Configuring cThlds: （阈值的计算和预估）

(i) methods to select proper cThlds: offline part

We need to figure cThlds rather than using the default one (e.g. 0.5) for two reasons.

(1) First, when faced with imbalanced data (anomalous data points are much less frequent than normal ones in data sets), machine learning algorithems typically fail to identify the anomalies (low recall) if using the default cThlds (e.g. 0.5).

(2) Second, operators have their own preference regarding the precision and recall of anomaly detection.

The metric to evaluate the precision and recall are:

(1) F-Score: F-Score = 2*precision*recall/(precision+recall).

(2) SD(1,1): it selects the point with the shortest Euclidean distance to the upper right corner where the precision and the recall are both perfect.

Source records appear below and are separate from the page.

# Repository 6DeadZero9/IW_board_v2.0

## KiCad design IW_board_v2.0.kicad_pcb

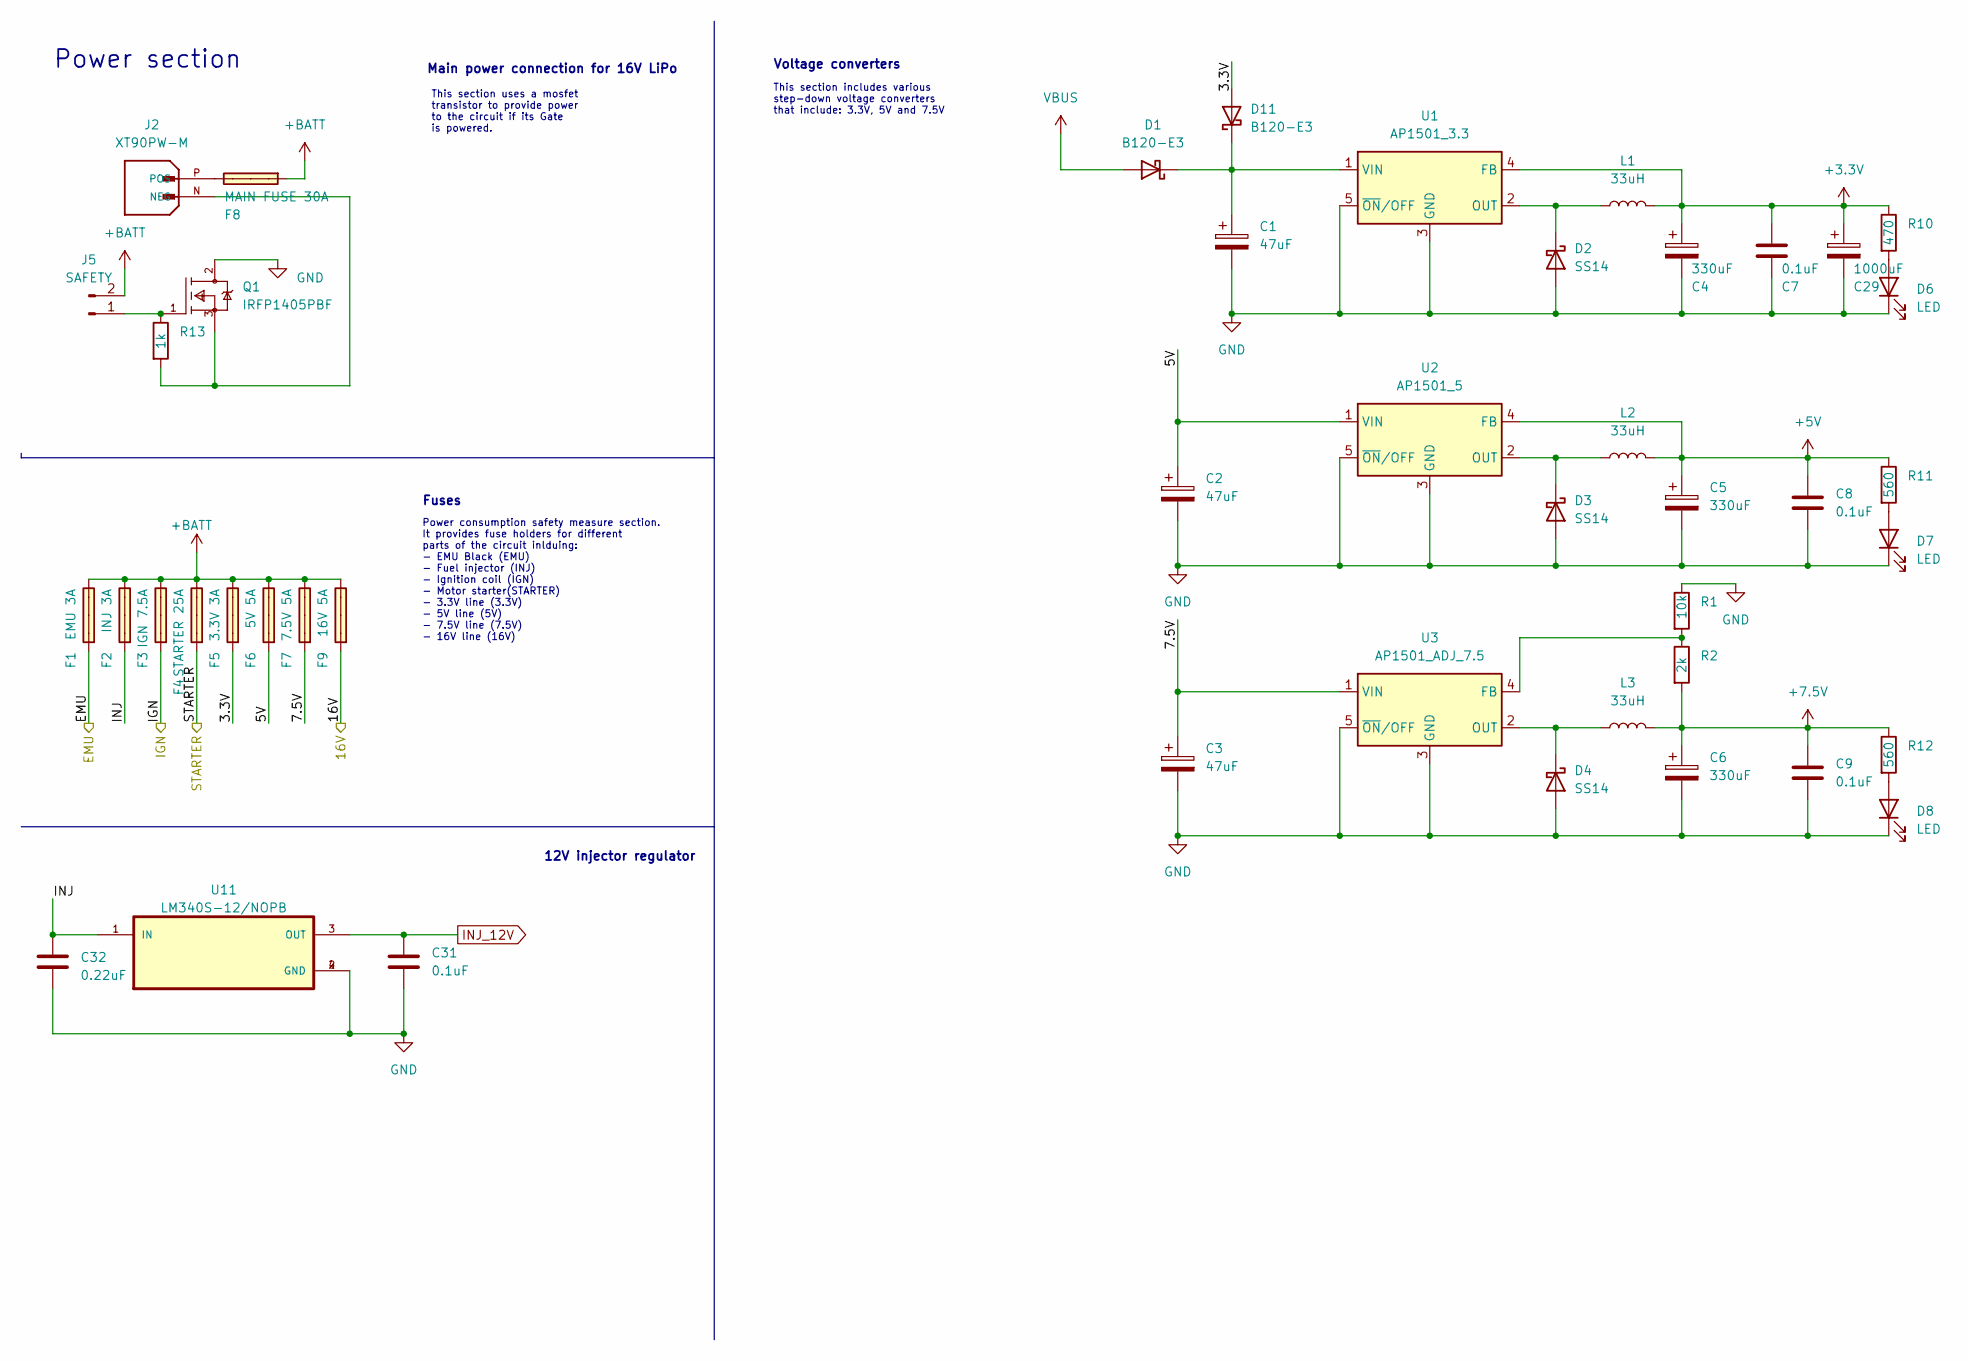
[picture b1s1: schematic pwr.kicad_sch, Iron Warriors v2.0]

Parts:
C1, C2, C3: 47uF; CP_Elec_6.3x5.8
C4, C5, C6: 330uF; CP_Elec_10x10
C7, C8, C9, C31: 0.1uF; C_0603_1608Metric
C29: 1000uF; CP_Radial_D10.0mm_P7.50mm
C32: 0.22uF; C_0603_1608Metric
D1, D11: B120-E3; D_SMA
D2, D3, D4: SS14; D_SMA
D6, D7, D8: LED; LED_0603_1608Metric
F1: EMU 3A; FUSE_3557-2
F2: INJ 3A; FUSE_3557-2
F3: IGN 7.5A; FUSE_3557-2
F4: STARTER 25A; FUSE_3557-2
F5: 3.3V 3A; FUSE_3557-2
F6: 5V 5A; FUSE_3557-2
F7: 7.5V 5A; FUSE_3557-2
F8: MAIN FUSE 30A; FUSE_3557-2
F9: 16V 5A; FUSE_3557-2
J2: XT90PW-M; AMASS_XT90PW-M
J5: SAFETY; TerminalBlock_Phoenix_MPT-0,5-2-2.54_1x02_P2.54mm_Horizontal
L1, L2, L3: 33uH; L_Bourns_SRR1208_12.7x12.7mm
Q1: IRFP1405PBF; TO247AC; mouser part number 942-IRFP1405PBF; digikey description MOSFET N-CH 55V 95A TO247AC
R1: 10k; R_0603_1608Metric
R2: 2k; R_0603_1608Metric
R10: 470; R_0603_1608Metric
R11, R12: 560; R_0603_1608Metric
R13: 1k; R_0603_1608Metric
U1: AP1501_3.3; TO-263-5_TabPin3
U2: AP1501_5; TO-263-5_TabPin3
U3: AP1501_ADJ_7.5; TO-263-5_TabPin3
U11: LM340S-12/NOPB; TO254P1524X483-4N

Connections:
+3.3V: C4.1, C7.1, C29.1, L1.2, R10.1, U1.4 (FB); also elsewhere on the board
+5V: C5.1, C8.1, L2.2, R11.1, U2.4 (FB); also elsewhere on the board
+7.5V: C6.1, C9.1, L3.2, R2.2, R12.1; also elsewhere on the board
+BATT: F1.3, F2.3, F3.3, F4.3, F5.3, F6.3, F7.3, F8.1, F9.3, J5.2
/IO/EMU: F1.1; also elsewhere on the board
/IO/IGN: F3.1; also elsewhere on the board
/IO/STARTER: F4.1; also elsewhere on the board
/PWR/3.3V: D11.2 (A), F5.1
/PWR/5V: C2.1, F6.1, U2.1 (VIN)
/PWR/7.5V: C3.1, F7.1, U3.1 (VIN)
/PWR/16V: F9.1; also elsewhere on the board
/PWR/INJ: C32.1, F2.1, U11.1 (IN)
GND: C1.2, C2.2, C3.2, C4.2, C5.2, C6.2, C7.2, C8.2, C9.2, C29.2, C31.2, C32.2, D2.2 (A), D3.2 (A), D4.2 (A), D6.1 (K), D7.1 (K), D8.1 (K), Q1.2 (D), R1.1, U1.3 (GND), U1.5 (~ON/OFF), U2.3 (GND), U2.5 (~ON/OFF), U3.3 (GND), U3.5 (~ON/OFF), U11.2 (GND), U11.4 (GND); also elsewhere on the board
INJ_12V: C31.1, U11.3 (OUT); also elsewhere on the board
unnamed: C1.1, D1.1 (K), D11.1 (K), U1.1 (VIN)
unnamed: D2.1 (K), L1.1, U1.2 (OUT)
unnamed: D3.1 (K), L2.1, U2.2 (OUT)
unnamed: D4.1 (K), L3.1, U3.2 (OUT)
unnamed: D6.2 (A), R10.2
unnamed: D7.2 (A), R11.2
unnamed: D8.2 (A), R12.2
unnamed: J2.N (NEG), Q1.3 (S), R13.2
unnamed: F8.3, J2.P (POS)
unnamed: J5.1, Q1.1 (G), R13.1
unnamed: R1.2, R2.1, U3.4 (FB)
VBUS: D1.2 (A); also elsewhere on the board

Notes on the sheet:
This section includes various step-down voltage converters that include: 3.3V, 5V and 7.5V
Power consumption safety measure section. It provides fuse holders for different parts of the circuit inlduing: - EMU Black (EMU) - Fuel injector (INJ) - Ignition coil (IGN) - Motor starter(STARTER) - 3.3V line (3.3V) - 5V line (5V) - 7.5V line (7.5V) - 16V line (16V)
This section uses a mosfet transistor to provide power to the circuit if its Gate is powered.
Power section
12V injector regulator
Main power connection for 16V LiPo
Fuses
Voltage converters

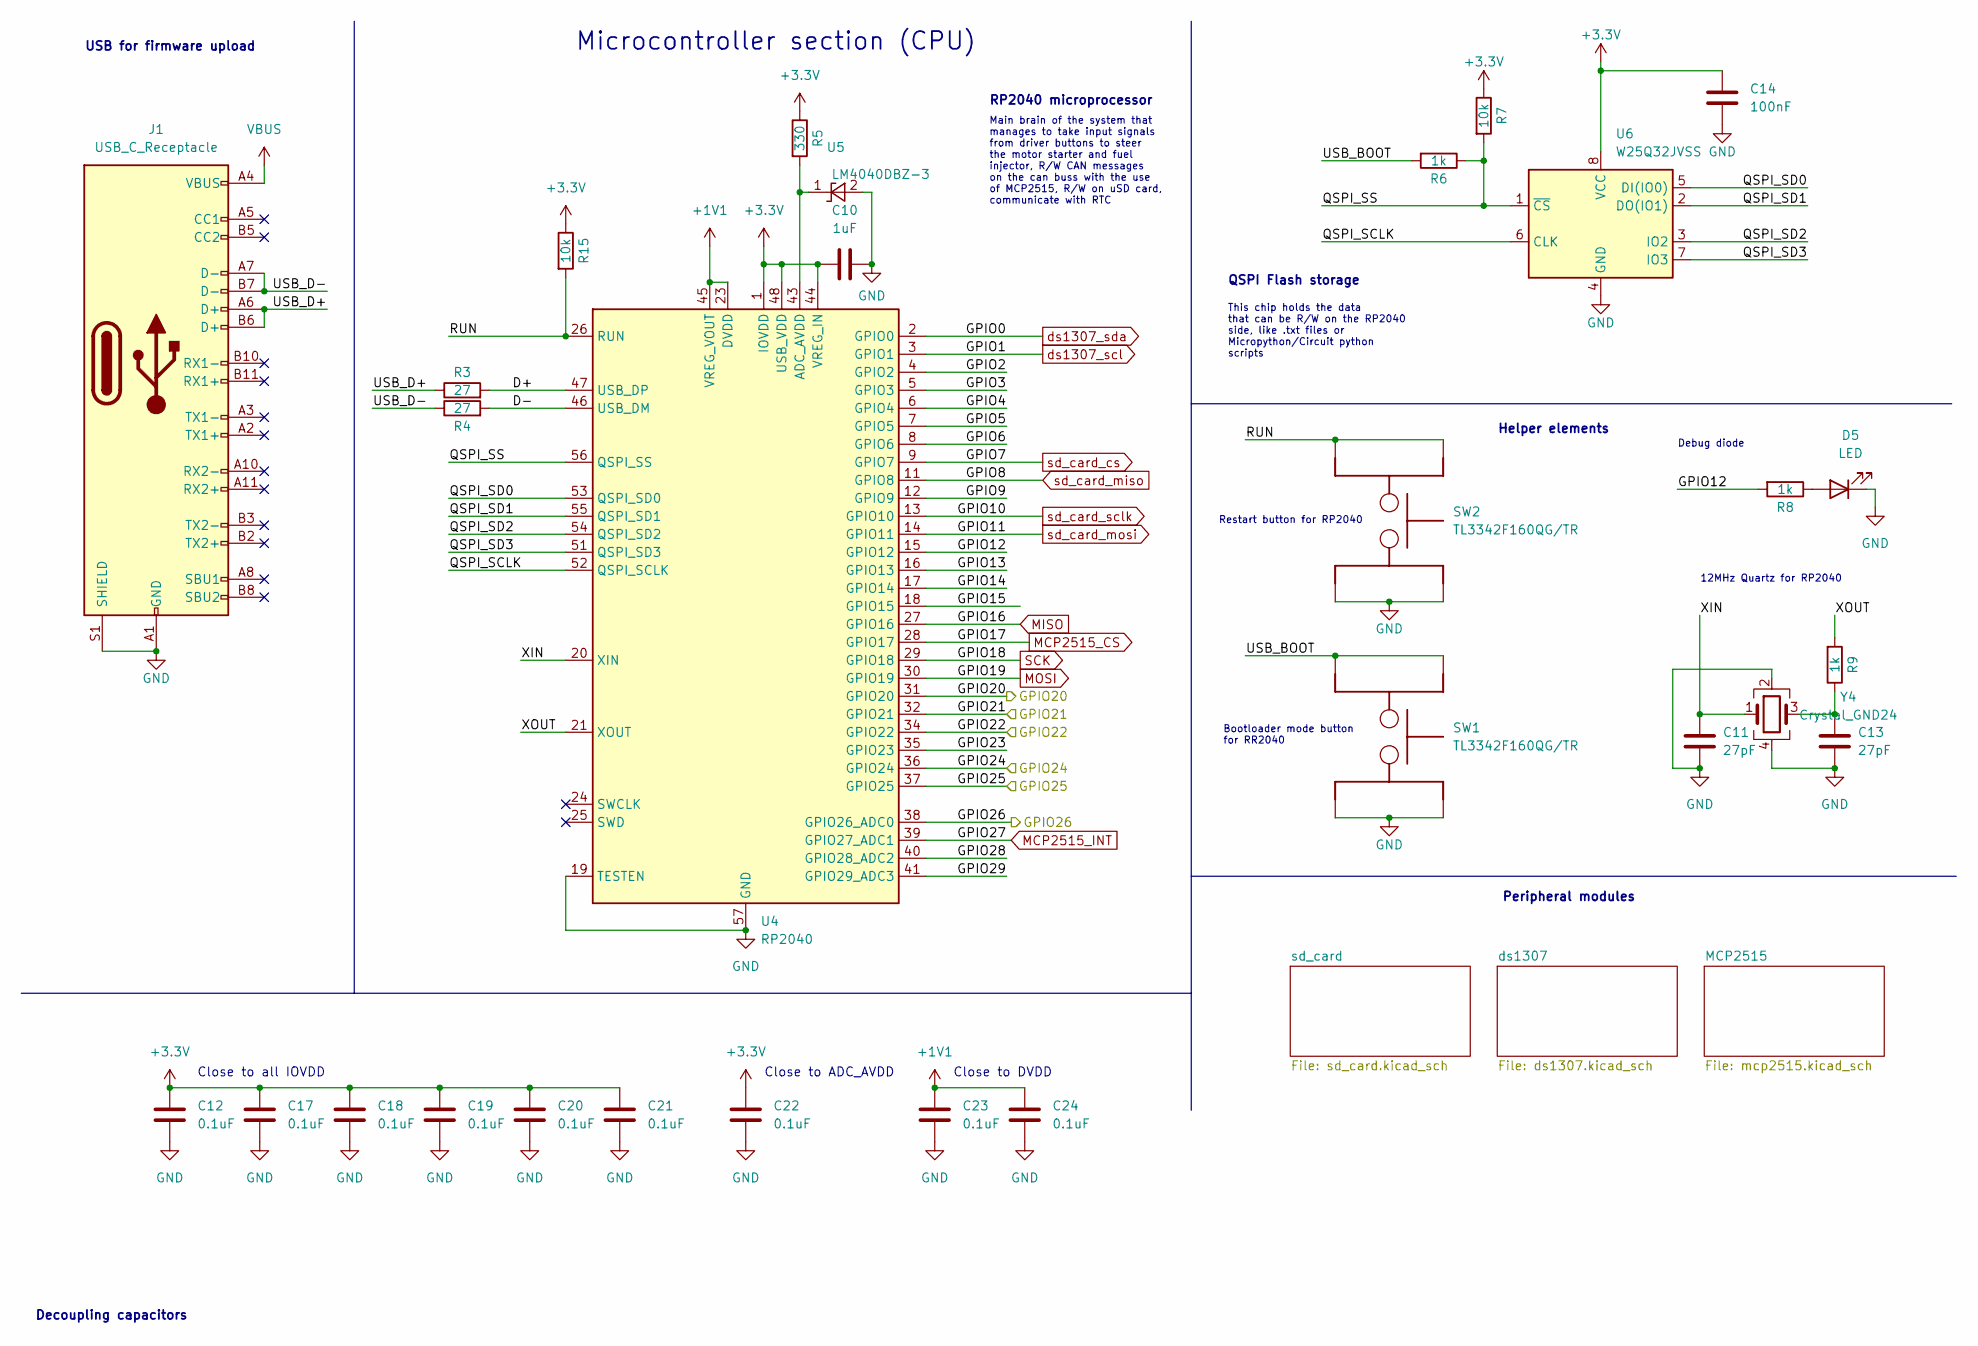
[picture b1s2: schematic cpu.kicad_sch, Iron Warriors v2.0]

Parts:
C10: 1uF; C_0603_1608Metric
C11, C13: 27pF; C_0603_1608Metric
C12, C17, C18, C19, C20, C21, C22, C23, C24: 0.1uF; C_0603_1608Metric
C14: 100nF; C_0603_1608Metric
D5: LED; LED_0603_1608Metric
J1: USB_C_Receptacle; USB_C_Receptacle_HRO_TYPE-C-31-M-12
R3, R4: 27; R_0603_1608Metric
R5: 330; R_0603_1608Metric
R6, R8, R9: 1k; R_0603_1608Metric
R7, R15: 10k; R_0603_1608Metric
SW1, SW2: TL3342F160QG/TR; SW_TL3342F160QG%2fTR
U4: RP2040; QFN-56-1EP_7x7mm_P0.4mm_EP3.2x3.2mm
U5: LM4040DBZ-3; SOT-23
U6: W25Q32JVSS; SOIC-8_5.23x5.23mm_P1.27mm
Y4: Crystal_GND24

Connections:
+1V1: C23.1, C24.1, U4.23 (DVDD), U4.45 (VREG_VOUT), U4.50 (DVDD)
+3.3V: C10.2, C12.1, C14.1, C17.1, C18.1, C19.1, C20.1, C21.1, C22.1, R5.1, R7.1, R15.1, U4.1 (IOVDD), U4.10 (IOVDD), U4.22 (IOVDD), U4.33 (IOVDD), U4.42 (IOVDD), U4.44 (VREG_IN), U4.48 (USB_VDD), U4.49 (IOVDD), U6.8 (VCC); also elsewhere on the board
/CPU/D+: R3.2, U4.47 (USB_DP)
/CPU/D-: R4.2, U4.46 (USB_DM)
/CPU/GPIO2: U4.4 (GPIO2)
/CPU/GPIO3: U4.5 (GPIO3)
/CPU/GPIO4: U4.6 (GPIO4)
/CPU/GPIO5: U4.7 (GPIO5)
/CPU/GPIO6: U4.8 (GPIO6)
/CPU/GPIO9: U4.12 (GPIO9)
/CPU/GPIO12: R8.2, U4.15 (GPIO12)
/CPU/GPIO13: U4.16 (GPIO13)
/CPU/GPIO14: U4.17 (GPIO14)
/CPU/GPIO15: U4.18 (GPIO15)
/CPU/GPIO20: U4.31 (GPIO20); also elsewhere on the board
/CPU/GPIO21: U4.32 (GPIO21); also elsewhere on the board
/CPU/GPIO22: U4.34 (GPIO22); also elsewhere on the board
/CPU/GPIO23: U4.35 (GPIO23)
/CPU/GPIO24: U4.36 (GPIO24); also elsewhere on the board
/CPU/GPIO25: U4.37 (GPIO25); also elsewhere on the board
/CPU/GPIO26: U4.38 (GPIO26_ADC0); also elsewhere on the board
/CPU/GPIO28: U4.40 (GPIO28_ADC2)
/CPU/GPIO29: U4.41 (GPIO29_ADC3)
/CPU/QSPI_SCLK: U4.52 (QSPI_SCLK), U6.6 (CLK)
/CPU/QSPI_SD0: U4.53 (QSPI_SD0), U6.5 (DI(IO0))
/CPU/QSPI_SD1: U4.55 (QSPI_SD1), U6.2 (DO(IO1))
/CPU/QSPI_SD2: U4.54 (QSPI_SD2), U6.3 (IO2)
/CPU/QSPI_SD3: U4.51 (QSPI_SD3), U6.7 (IO3)
/CPU/QSPI_SS: R6.1, R7.2, U4.56 (QSPI_SS), U6.1 (~CS)
/CPU/RUN: R15.2, SW2.3, SW2.4, U4.26 (RUN)
/CPU/USB_BOOT: R6.2, SW1.3, SW1.4
/CPU/USB_D+: J1.A6 (D+), J1.B6 (D+), R3.1
/CPU/USB_D-: J1.A7 (D-), J1.B7 (D-), R4.1
/CPU/XOUT: R9.2, U4.21 (XOUT)
GND: C10.1, C11.2, C12.2, C13.2, C14.2, C17.2, C18.2, C19.2, C20.2, C21.2, C22.2, C23.2, C24.2, D5.1 (K), J1.A1 (GND), J1.A12 (GND), J1.B1 (GND), J1.B12 (GND), J1.S1 (SHIELD), SW1.1, SW1.2, SW2.1, SW2.2, U4.19 (TESTEN), U4.57 (GND), U5.2 (A), U6.4 (GND), Y4.2, Y4.4; also elsewhere on the board
MCP2515_CS: U4.28 (GPIO17); also elsewhere on the board
MCP2515_INT: U4.39 (GPIO27_ADC1); also elsewhere on the board
MISO: U4.27 (GPIO16); also elsewhere on the board
MOSI: U4.30 (GPIO19); also elsewhere on the board
unnamed: D5.2 (A), R8.1
unnamed: R5.2, U4.43 (ADC_AVDD), U5.1 (K)
SCK: U4.29 (GPIO18); also elsewhere on the board
VBUS: J1.A4 (VBUS), J1.A9 (VBUS), J1.B4 (VBUS), J1.B9 (VBUS); also elsewhere on the board
ds1307_scl: U4.3 (GPIO1); also elsewhere on the board
ds1307_sda: U4.2 (GPIO0); also elsewhere on the board
sd_card_cs: U4.9 (GPIO7); also elsewhere on the board
sd_card_miso: U4.11 (GPIO8); also elsewhere on the board
sd_card_mosi: U4.14 (GPIO11); also elsewhere on the board
sd_card_sclk: U4.13 (GPIO10); also elsewhere on the board

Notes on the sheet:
Peripheral modules
Bootloader mode button for RR2040
RP2040 microprocessor
This chip holds the data that can be R/W on the RP2040 side, like .txt files or Micropython/Circuit python scripts
Close to DVDD
Close to all IOVDD
Close to ADC_AVDD
Debug diode
Decoupling capacitors
Restart button for RP2040
USB for firmware upload
Microcontroller section (CPU)
Helper elements
QSPI Flash storage
Main brain of the system that manages to take input signals from driver buttons to steer the motor starter and fuel injector, R/W CAN messages on the can buss with the use of MCP2515, R/W on uSD card, communicate with RTC
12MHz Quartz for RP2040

(3) PC-Score: （本文中采用这种评估指标来选择合适的阈值）

If r>=R and p>=P, then PC-Score(r,p)=2*r*p/(r+p) + 1; else PC-Score(r,p)=2*r*p/(r+p). Here, R and P are from the operators’ preference “recall>=R and precision>=P”. Since the F-Score is no more than 1, then we can choose the cThld corresponding to the point with the largest PC-Score.

(ii) EWMA Based cThld Prediction: （基于EWMA方法的阈值预估算法）

In online detection, we need to predict cThlds for detecting future data.

Use EWMA to predict the cThld of the i-th week ( or the i-th test set) based on the historical best cThlds. Specially, EWMA works as follows:

If $i=1$, then $cThld_{i}^{p}=cThld_{1}^{p}=$ 5-fold prediction

Else $i>1$, then $cThld_{i}^{p}=\alpha\cdot cThld_{i-1}^{b}$+$(1-\alpha)\cdot cThld_{i-1}^{p}$, where $cThld_{i-1}^{b}$ is the best cThld of the (i-1)-th week. $cThld_{i}^{p}$ is the predicted cThld of the i-th week, and also the one used for detecting the i-th week data. $\alpha\in [0,1]$ is the smoothing constant.

For the first week, we use 5-fold cross-validation to initialize $cThld_{1}^{p}$. As $\alpha$ increases, EWMA gives the recent best cThlds more influences in the prediction. We use $\alpha=0.8$ in this paper.

### 5. Evaluation（系统评估）

Opprentice has 14 detectors with about 9500 lines of Python, R and C++ code. The machine learning block is based on the scikit-learn library.

Random Forest is better than decision trees, logistic regression, linear support vector machines (SVMs), and naive Bayes.